:: DATA TO USE ::
*** Begin section ***
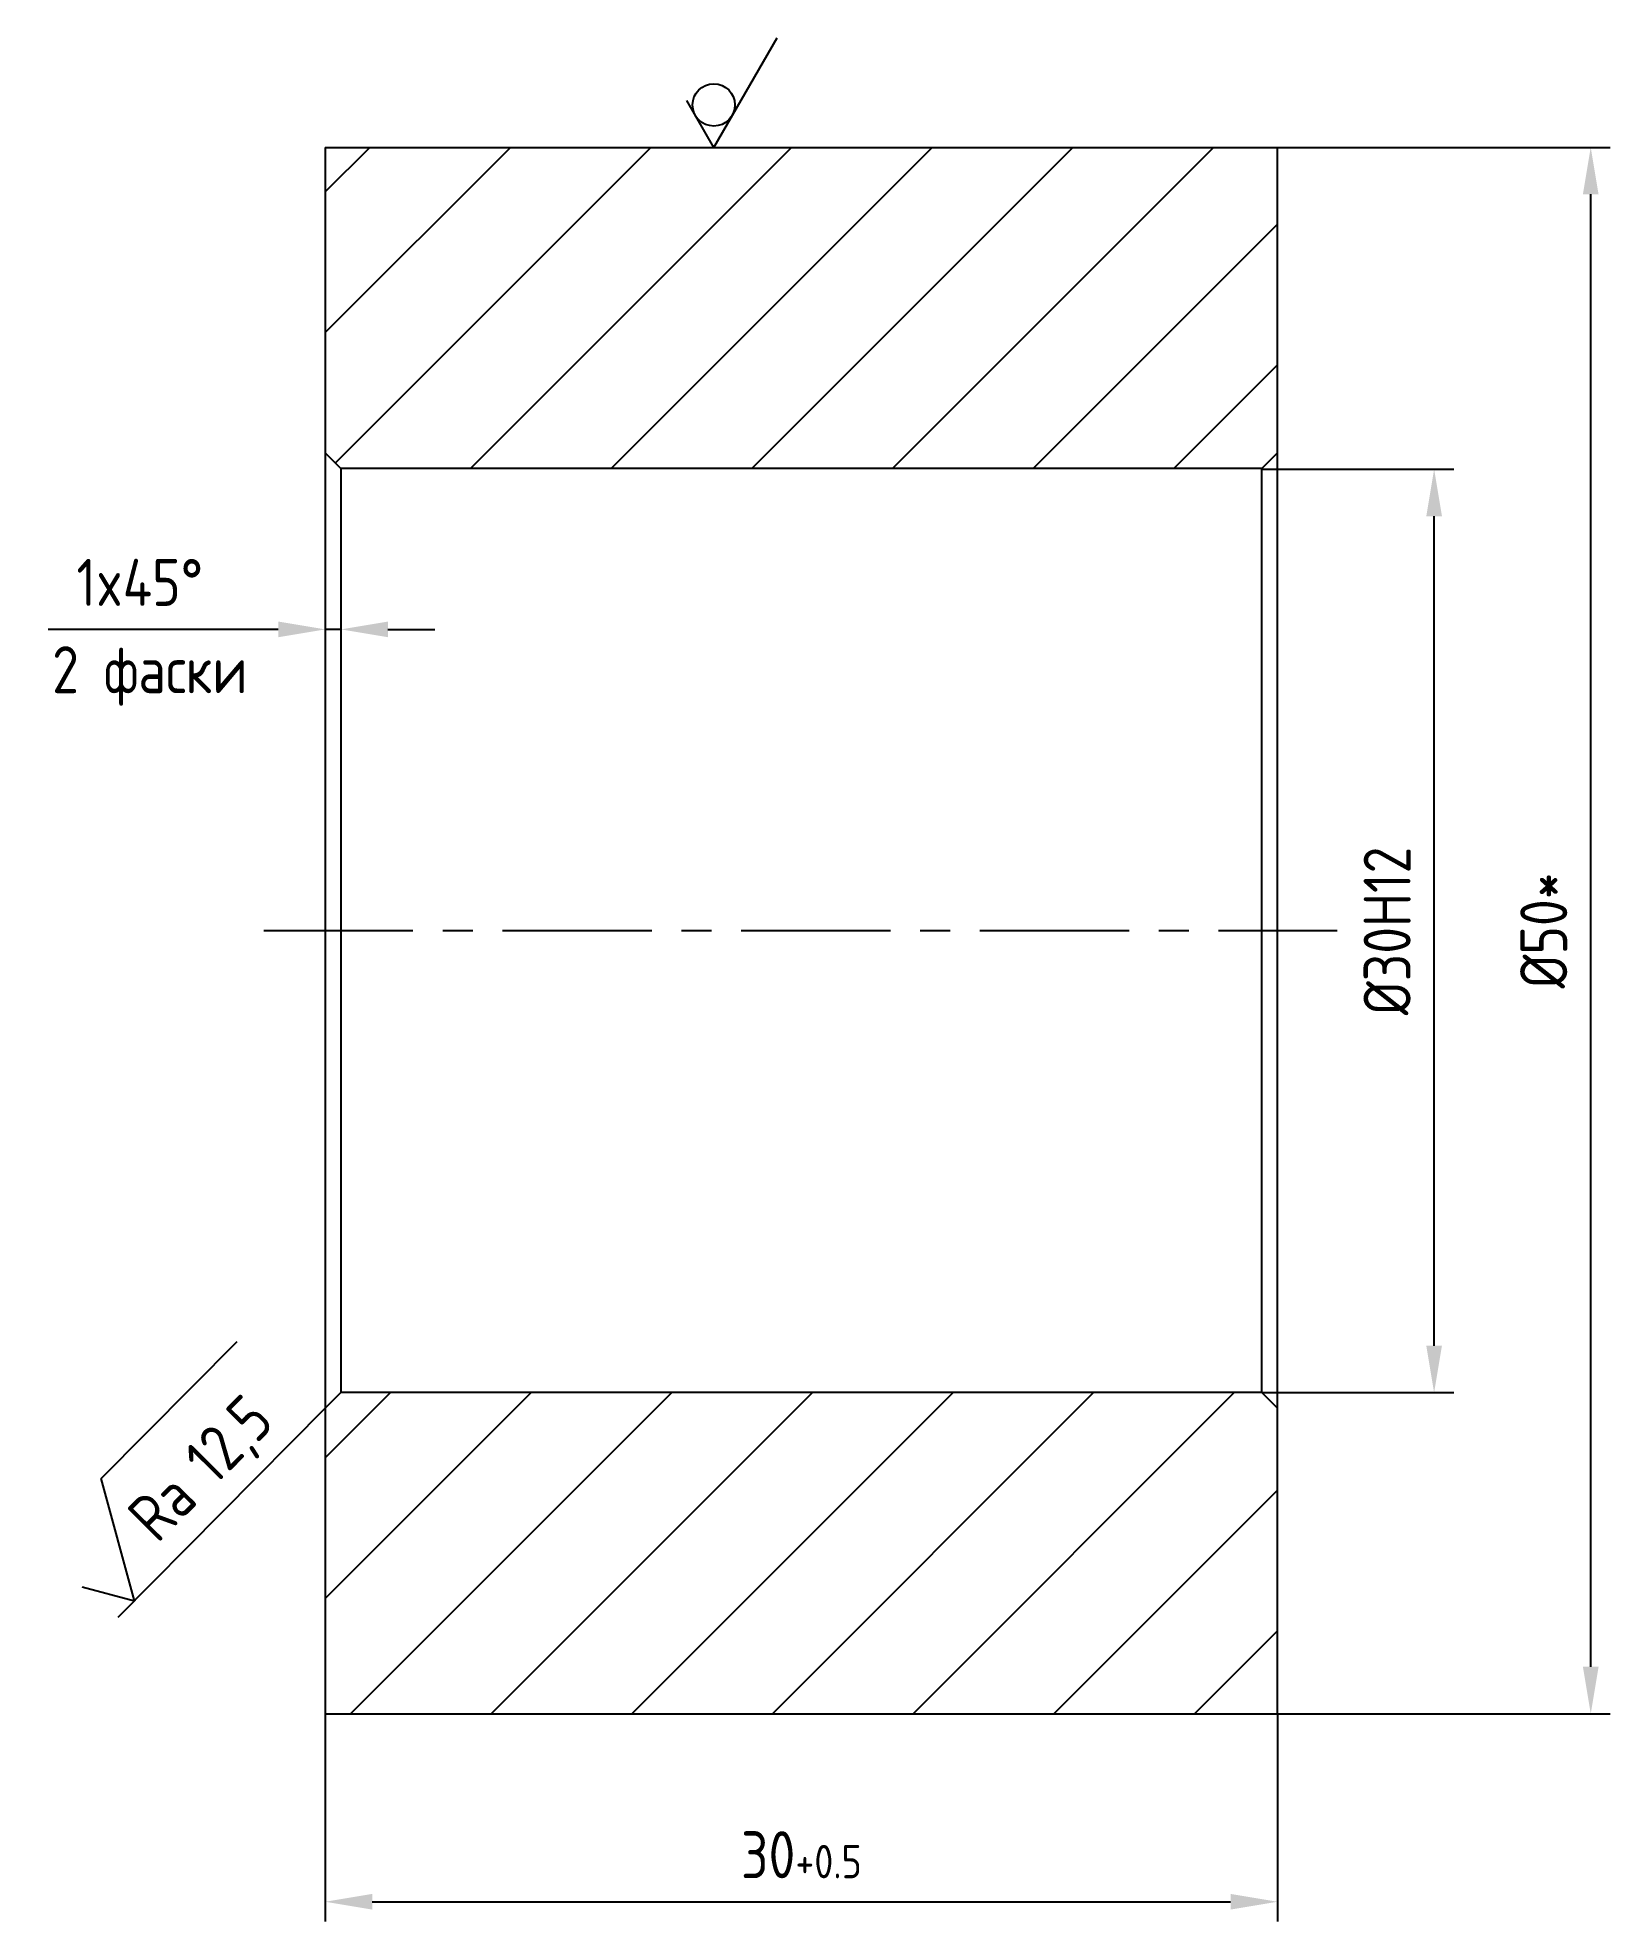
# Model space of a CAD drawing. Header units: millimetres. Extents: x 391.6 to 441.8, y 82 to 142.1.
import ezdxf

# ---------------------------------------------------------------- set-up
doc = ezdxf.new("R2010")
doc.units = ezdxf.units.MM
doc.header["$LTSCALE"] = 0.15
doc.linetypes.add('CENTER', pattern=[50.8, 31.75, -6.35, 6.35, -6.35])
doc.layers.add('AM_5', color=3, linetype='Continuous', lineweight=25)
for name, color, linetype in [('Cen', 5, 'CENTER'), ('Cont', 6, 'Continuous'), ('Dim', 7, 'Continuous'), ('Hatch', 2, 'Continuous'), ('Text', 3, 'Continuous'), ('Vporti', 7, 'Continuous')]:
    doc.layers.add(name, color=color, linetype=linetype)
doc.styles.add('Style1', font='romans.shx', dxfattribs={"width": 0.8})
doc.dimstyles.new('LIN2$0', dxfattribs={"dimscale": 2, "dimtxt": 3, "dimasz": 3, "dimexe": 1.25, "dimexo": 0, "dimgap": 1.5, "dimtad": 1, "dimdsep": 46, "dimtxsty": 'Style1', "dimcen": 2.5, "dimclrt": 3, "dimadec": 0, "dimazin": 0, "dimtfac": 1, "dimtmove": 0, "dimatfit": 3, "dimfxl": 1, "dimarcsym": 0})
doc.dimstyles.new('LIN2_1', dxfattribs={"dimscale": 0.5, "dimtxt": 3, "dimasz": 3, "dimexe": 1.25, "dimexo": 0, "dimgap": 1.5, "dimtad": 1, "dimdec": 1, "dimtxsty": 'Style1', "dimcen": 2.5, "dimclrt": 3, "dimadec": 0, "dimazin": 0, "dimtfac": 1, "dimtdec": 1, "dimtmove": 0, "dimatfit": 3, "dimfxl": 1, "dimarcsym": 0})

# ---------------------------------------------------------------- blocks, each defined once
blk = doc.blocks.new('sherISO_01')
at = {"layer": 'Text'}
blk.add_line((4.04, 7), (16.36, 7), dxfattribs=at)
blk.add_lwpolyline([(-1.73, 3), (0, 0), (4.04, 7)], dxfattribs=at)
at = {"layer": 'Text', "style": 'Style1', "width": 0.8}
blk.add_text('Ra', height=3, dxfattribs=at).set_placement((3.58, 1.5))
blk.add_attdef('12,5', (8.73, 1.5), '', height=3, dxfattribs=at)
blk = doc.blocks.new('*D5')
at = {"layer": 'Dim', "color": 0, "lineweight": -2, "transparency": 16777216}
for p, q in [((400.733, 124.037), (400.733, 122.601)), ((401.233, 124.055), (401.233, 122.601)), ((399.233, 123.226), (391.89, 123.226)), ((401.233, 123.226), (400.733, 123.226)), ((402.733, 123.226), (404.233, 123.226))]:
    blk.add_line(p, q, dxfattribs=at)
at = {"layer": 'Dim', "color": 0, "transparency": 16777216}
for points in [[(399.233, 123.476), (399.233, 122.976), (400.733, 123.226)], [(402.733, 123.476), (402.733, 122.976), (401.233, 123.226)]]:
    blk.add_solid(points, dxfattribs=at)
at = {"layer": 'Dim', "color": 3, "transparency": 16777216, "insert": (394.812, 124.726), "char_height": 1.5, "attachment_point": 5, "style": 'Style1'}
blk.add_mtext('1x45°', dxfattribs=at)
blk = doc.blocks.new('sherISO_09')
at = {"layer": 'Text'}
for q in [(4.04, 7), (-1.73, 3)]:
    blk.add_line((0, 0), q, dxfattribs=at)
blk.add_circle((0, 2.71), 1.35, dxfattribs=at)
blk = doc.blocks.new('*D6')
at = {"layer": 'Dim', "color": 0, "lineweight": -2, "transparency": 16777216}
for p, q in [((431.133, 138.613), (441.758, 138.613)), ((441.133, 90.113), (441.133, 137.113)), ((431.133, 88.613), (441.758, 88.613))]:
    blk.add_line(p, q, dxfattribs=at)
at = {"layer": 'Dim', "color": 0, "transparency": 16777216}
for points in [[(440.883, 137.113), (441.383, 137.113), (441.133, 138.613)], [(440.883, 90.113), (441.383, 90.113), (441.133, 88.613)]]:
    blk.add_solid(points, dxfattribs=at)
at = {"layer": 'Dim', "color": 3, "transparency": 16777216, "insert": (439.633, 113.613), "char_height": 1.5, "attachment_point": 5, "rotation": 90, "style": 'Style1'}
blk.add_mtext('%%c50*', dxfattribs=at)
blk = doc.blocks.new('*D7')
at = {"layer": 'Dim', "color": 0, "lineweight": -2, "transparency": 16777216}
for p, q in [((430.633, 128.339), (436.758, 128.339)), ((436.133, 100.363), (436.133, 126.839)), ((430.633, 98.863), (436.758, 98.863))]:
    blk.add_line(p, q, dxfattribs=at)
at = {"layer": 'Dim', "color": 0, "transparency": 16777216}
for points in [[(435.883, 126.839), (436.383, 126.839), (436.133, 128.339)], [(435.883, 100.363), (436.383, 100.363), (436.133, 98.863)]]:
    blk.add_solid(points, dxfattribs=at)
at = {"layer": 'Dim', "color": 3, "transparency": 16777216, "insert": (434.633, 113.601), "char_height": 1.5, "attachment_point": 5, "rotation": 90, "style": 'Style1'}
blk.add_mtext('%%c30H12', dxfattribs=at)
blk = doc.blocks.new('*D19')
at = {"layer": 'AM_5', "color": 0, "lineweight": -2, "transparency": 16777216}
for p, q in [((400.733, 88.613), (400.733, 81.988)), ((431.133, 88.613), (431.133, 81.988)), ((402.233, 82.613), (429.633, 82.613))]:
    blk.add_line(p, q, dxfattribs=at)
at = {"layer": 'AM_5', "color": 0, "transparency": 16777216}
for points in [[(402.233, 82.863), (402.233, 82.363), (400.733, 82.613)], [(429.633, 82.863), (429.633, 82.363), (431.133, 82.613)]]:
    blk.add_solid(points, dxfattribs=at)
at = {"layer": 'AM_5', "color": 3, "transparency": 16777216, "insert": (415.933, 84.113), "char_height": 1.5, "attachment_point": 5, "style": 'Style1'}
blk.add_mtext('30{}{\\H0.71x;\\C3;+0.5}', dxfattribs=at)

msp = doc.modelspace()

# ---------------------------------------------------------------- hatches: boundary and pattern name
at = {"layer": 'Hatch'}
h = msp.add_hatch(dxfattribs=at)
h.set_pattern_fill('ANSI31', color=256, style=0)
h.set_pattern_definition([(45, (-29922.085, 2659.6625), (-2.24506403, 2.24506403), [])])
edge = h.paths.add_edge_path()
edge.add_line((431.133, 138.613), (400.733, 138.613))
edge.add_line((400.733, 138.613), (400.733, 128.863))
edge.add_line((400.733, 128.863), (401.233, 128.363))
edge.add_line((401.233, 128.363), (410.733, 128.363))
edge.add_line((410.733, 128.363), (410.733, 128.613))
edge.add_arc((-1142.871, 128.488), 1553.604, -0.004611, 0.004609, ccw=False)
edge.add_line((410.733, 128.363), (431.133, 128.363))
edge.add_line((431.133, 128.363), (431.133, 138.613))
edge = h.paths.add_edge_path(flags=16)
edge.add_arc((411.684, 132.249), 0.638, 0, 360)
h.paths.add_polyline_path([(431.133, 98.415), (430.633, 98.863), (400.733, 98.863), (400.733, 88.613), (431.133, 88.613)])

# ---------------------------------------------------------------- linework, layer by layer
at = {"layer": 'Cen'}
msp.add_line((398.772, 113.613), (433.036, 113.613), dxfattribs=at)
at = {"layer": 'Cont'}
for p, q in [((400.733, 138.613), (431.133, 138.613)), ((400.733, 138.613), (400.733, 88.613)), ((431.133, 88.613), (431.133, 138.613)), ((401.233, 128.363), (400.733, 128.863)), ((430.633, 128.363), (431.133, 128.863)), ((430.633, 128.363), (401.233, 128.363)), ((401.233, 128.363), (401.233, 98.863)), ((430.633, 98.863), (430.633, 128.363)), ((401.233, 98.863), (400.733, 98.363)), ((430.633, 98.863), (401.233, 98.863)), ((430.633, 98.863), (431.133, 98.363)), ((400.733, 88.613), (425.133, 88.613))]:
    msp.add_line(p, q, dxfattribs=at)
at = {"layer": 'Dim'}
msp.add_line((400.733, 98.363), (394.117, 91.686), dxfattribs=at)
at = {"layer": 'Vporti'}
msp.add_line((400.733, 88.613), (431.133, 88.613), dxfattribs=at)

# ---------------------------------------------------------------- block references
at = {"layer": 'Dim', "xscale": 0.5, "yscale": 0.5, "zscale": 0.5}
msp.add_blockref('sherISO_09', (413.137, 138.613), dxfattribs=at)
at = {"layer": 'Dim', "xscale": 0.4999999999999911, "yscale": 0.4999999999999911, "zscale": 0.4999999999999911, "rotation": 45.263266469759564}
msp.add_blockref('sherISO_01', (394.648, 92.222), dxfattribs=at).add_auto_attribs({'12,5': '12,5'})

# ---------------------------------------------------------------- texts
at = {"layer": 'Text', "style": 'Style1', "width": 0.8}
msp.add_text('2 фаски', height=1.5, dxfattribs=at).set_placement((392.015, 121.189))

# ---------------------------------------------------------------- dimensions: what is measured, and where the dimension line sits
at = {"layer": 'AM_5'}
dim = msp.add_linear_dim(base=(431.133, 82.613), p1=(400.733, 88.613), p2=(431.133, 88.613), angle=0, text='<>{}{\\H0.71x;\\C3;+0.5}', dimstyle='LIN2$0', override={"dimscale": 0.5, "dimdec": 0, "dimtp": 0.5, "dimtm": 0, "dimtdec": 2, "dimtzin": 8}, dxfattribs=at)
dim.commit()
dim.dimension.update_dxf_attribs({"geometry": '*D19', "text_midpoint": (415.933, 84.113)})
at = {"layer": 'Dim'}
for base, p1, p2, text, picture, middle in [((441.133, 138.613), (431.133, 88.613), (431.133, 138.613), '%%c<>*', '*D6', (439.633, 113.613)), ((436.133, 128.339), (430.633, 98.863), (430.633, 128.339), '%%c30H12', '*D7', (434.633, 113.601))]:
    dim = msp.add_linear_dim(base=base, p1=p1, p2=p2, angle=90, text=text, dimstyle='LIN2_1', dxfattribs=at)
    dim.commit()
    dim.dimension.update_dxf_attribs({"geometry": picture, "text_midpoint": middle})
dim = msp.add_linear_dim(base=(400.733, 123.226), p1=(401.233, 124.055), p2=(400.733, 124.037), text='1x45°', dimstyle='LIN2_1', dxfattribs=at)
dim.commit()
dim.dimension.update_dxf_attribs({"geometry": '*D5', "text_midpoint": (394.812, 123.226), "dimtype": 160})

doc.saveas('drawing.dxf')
*** End section ***
Please, without any pictures, write out exactly the lines of the listing from its first line through the line that holds "color=3, linetype='Continuous', lineweight=25)", ends included, and nothing beyond them.

# Model space of a CAD drawing. Header units: millimetres. Extents: x 391.6 to 441.8, y 82 to 142.1.
import ezdxf

# ---------------------------------------------------------------- set-up
doc = ezdxf.new("R2010")
doc.units = ezdxf.units.MM
doc.header["$LTSCALE"] = 0.15
doc.linetypes.add('CENTER', pattern=[50.8, 31.75, -6.35, 6.35, -6.35])
doc.layers.add('AM_5', color=3, linetype='Continuous', lineweight=25)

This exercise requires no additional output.